The Gold Coast Railroad Museum  is a railroad museum located in Miami, Florida, adjacent to Zoo Miami.

Description
The Gold Coast Railroad Museum was founded in 1956. The museum was built on the former Naval Air Station Richmond. With over three miles of tracks, the old base was an ideal place to build a railroad museum.

The Gold Coast Railroad Museum is one of three Official State Railroad Museums in Florida.
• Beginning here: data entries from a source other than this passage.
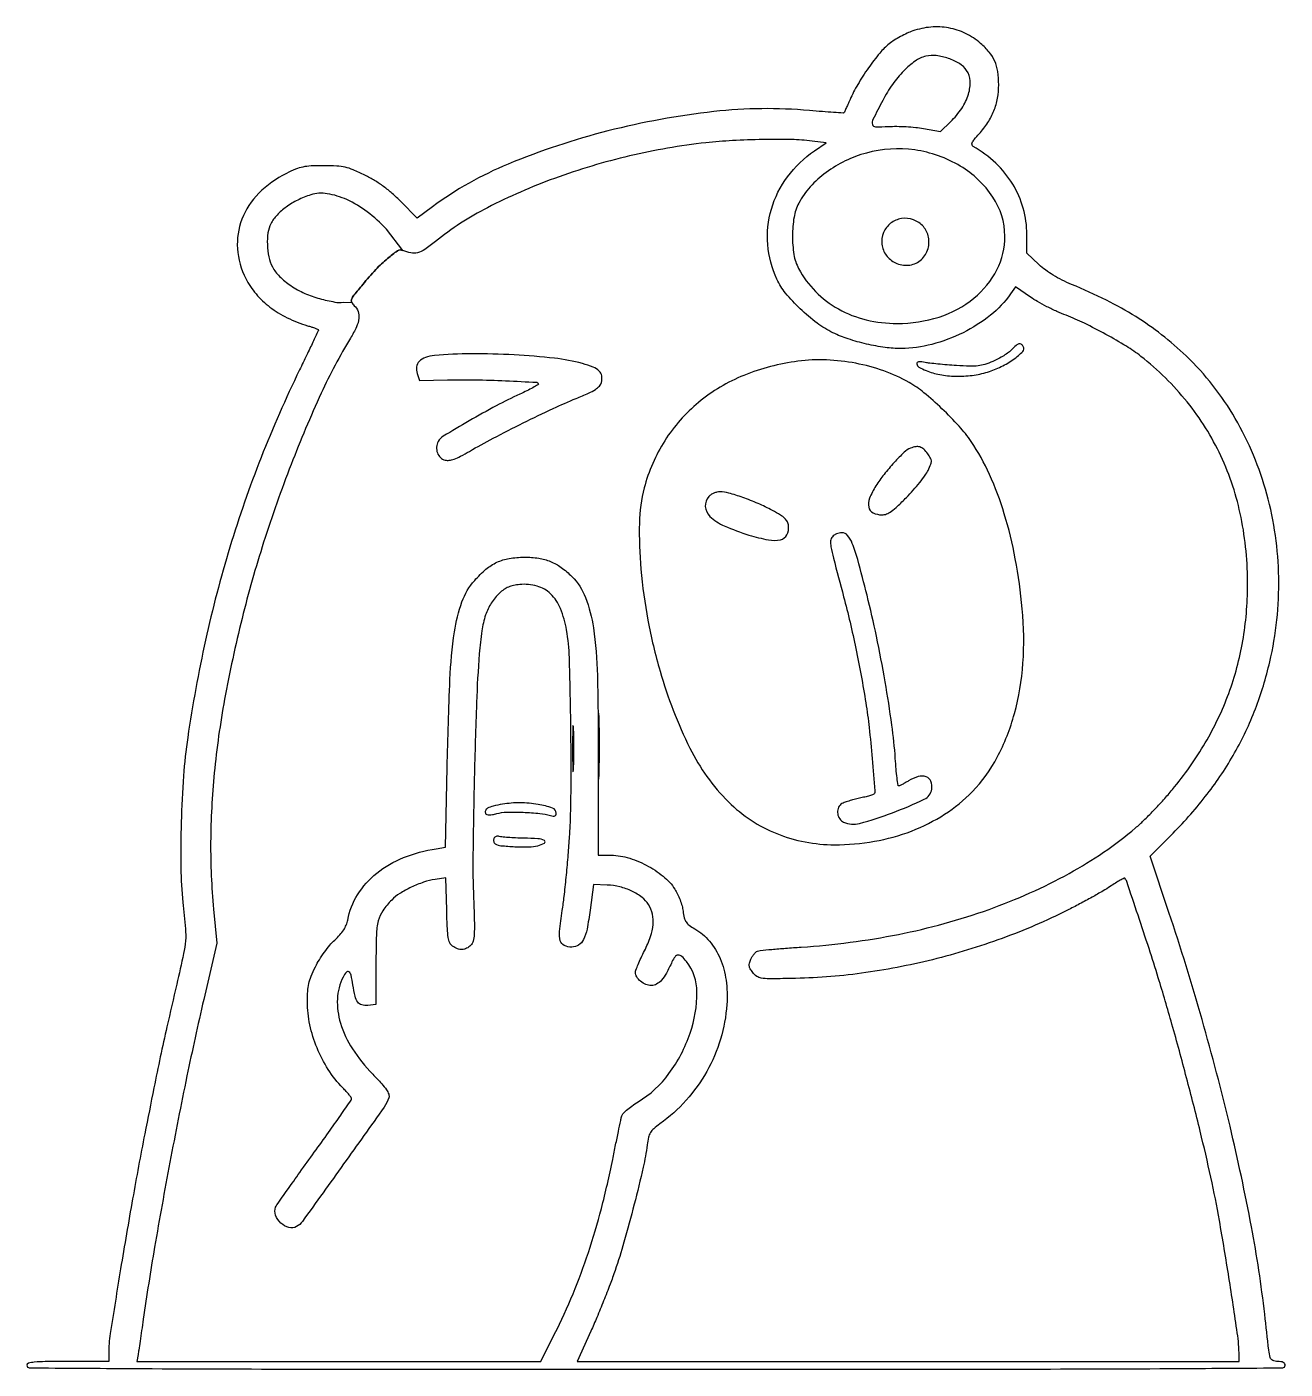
# Model space of a CAD drawing. Extents: x 0 to 492, y 0 to 525.
import ezdxf

# ---------------------------------------------------------------- set-up
doc = ezdxf.new("R2010")
doc.units = 0
doc.header["$MEASUREMENT"] = 0
doc.layers.add('OUTLINE', color=7, linetype='Continuous')

msp = doc.modelspace()

# ---------------------------------------------------------------- linework, layer by layer
at = {"layer": 'OUTLINE'}
for points in [[(306.023213, 492.073011, 0.04979), (268.657507, 491.650415, 0.034843), (227.199035, 484.086346, 0.035316), (188.22823, 471.140483, 0.061376), (158.586684, 454.407144), (152.673368, 450.036301), (146.220566, 456.520914, 0.018118), (142.879176, 459.6439, 0.021365), (139.49359, 462.340891, 0.02187), (135.962598, 464.685777, 0.020869), (132.185745, 466.752763, 0.012679), (127.556073, 468.896577, 0.045053), (124.453304, 469.918807, 0.044721), (121.206044, 470.372544, 0.012362), (116.051863, 470.5, 0.011538), (111.121186, 470.386205, 0.03931), (107.936454, 469.986899, 0.045516), (105.102136, 469.127874, 0.019602), (101.5, 467.5, 0.080312), (90.707793, 459.731167, 0.104797), (84.080415, 449.565952, 0.110973), (82.364799, 438.049512, 0.099133), (85.603252, 426.383469, 0.059329), (89.605241, 420.36635, 0.053415), (95.03897, 415.215979, 0.049955), (101.802792, 411.049688, 0.040441), (109.75, 407.954339, -0.008493), (111.379142, 407.436857, -0.013527), (112.751562, 406.933396, -0.007351), (113.862808, 406.47225, -0.299159), (114, 406.263476, -0.110554), (113.928745, 405.945152, -0.000248), (111.835839, 401.510181, -0.001642), (109.457069, 396.518427, -0.001018), (106.632644, 390.671763, 0.019342), (91.601284, 356.404884, 0.01982), (79.396626, 321.353821, 0.019582), (69.881772, 285.042565, 0.017904), (62.907666, 247, 0.018345), (61.262709, 231.943345, 0.010686), (60.34061, 213.793938, 0.010671), (60.197868, 196.061852, 0.023315), (61.01137, 182.5, -0.005042), (62.009951, 172.178701, -0.040294), (62.037764, 167.400506, -0.035186), (61.316636, 162.464427, -0.003306), (58.615743, 150.5, 0.001204), (54.782094, 133.84396, 0.003332), (52.190412, 122.097328, 0.003178), (49.689201, 110.015086, 0.001013), (46.11702, 92, 0.004281), (41.357987, 66.592352, 0.003444), (36.663084, 39.194577, 0.001954), (32.607518, 13.889625, 0.038771), (32, 6.066779), (32, 3), (16, 3, 0.002849), (7.167683, 2.949674, 0.020523), (2.916667, 2.726563, 0.04313), (0.618193, 2.309064, 0.338315), (0, 1.5, 0.412088), (0.972292, 0.520619, 0.000292), (41.25, 0.251524, 0.001373), (103.446928, 0.043097, 0.000151), (246, 0, 0.000151), (388.553072, 0.043097, 0.001373), (450.75, 0.251524, 0.000292), (491.027708, 0.520619, 0.412088), (492, 1.5, 0.150639), (491.80087, 2.145953, 0.125854), (491.260212, 2.622394, 0.083296), (490.348992, 2.910012, 0.034898), (489.061273, 3, -0.108053), (487.142365, 3.419588, -0.221772), (486.168467, 4.567025, -0.037779), (485.618951, 7.397304, -0.000805), (483.995127, 21.5, 0.018465), (478.835789, 55.648109, 0.011769), (470.443861, 94.940415, 0.011128), (459.498408, 136.722497, 0.010723), (446.579341, 178.5), (439.255741, 200.5), (448.155955, 209.5, 0.030669), (461.563212, 224.832644, 0.035795), (472.25308, 240.950318, 0.036615), (480.342319, 258.094256, 0.035021), (485.985443, 276.489336, 0.06103), (489.490269, 309.511859, 0.062772), (484.849697, 342.07679, 0.064469), (472.473289, 371.705265, 0.071105), (453.271664, 396.121061, 0.024501), (443.688094, 404.415467, 0.026586), (433.588072, 411.493563, 0.024689), (422.149139, 417.873052, 0.016514), (408.5, 424.072503, -0.018134), (404.786948, 425.773499, -0.020232), (401.34339, 427.682993, -0.021537), (398.289169, 429.727194, -0.029729), (395.75, 431.832841), (391, 436.273684), (391, 443.599329, 0.068523), (389.590205, 453.838013, 0.068508), (385.465722, 463.315503, 0.0669), (378.826898, 471.510549, 0.060527), (370.046552, 477.985585, -0.20408), (369.557405, 478.624171, -0.173093), (369.635846, 479.476543, -0.064262), (370.45188, 480.769778, -0.010866), (372.366523, 482.983937, 0.039885), (375.745212, 487.382709, 0.04894), (378.124644, 491.981727, 0.05005), (379.527367, 496.866551, 0.044935), (380, 502.115024, 0.03589), (379.625387, 507.327261, 0.067079), (378.468837, 511.388172, 0.070136), (376.321451, 514.879233, 0.042864), (372.923803, 518.333226, 0.063936), (367.008829, 522.210618, 0.068115), (360.430048, 524.365434, 0.067494), (353.461538, 524.684281, 0.061014), (346.403561, 523.173006, 0.025768), (344.153527, 522.262973, 0.015768), (341.59708, 520.972746, 0.015793), (339.139704, 519.531233, 0.026946), (337.197773, 518.156639, 0.052455), (333.487815, 514.525468, 0.019591), (329.059279, 508.72582, 0.019727), (324.880682, 502.256804, 0.030607), (321.854987, 496.342447, -0.001963), (321.026525, 494.465165, -0.002952), (320.287898, 492.835019, -0.001193), (319.643456, 491.443536, -0.066369), (319.489289, 491.202298, -0.23719), (319.236257, 491.094174, -0.000657), (315.429943, 491.335268, -0.003656), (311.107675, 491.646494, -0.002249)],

It became a Florida state railroad museum in 1984 when it received statutory recognition by the Florida Legislature as meeting the four statutory criteria that: its purpose is to preserve railroad history, it is devoted primarily to the history of railroading, it is open to the public, and it operates as a non-profit organization.

The Gold Coast Railroad Museum promotes historical trains and railroads. It houses over 30 historic trains including classic railroad cars like the Western Pacific "Silver Crescent” and engines like the Florida East Coast "113.” The Museum strives to teach railroad history with the use of artifacts, movies, and railroading materials. The Museum includes a number of displays that are interactive.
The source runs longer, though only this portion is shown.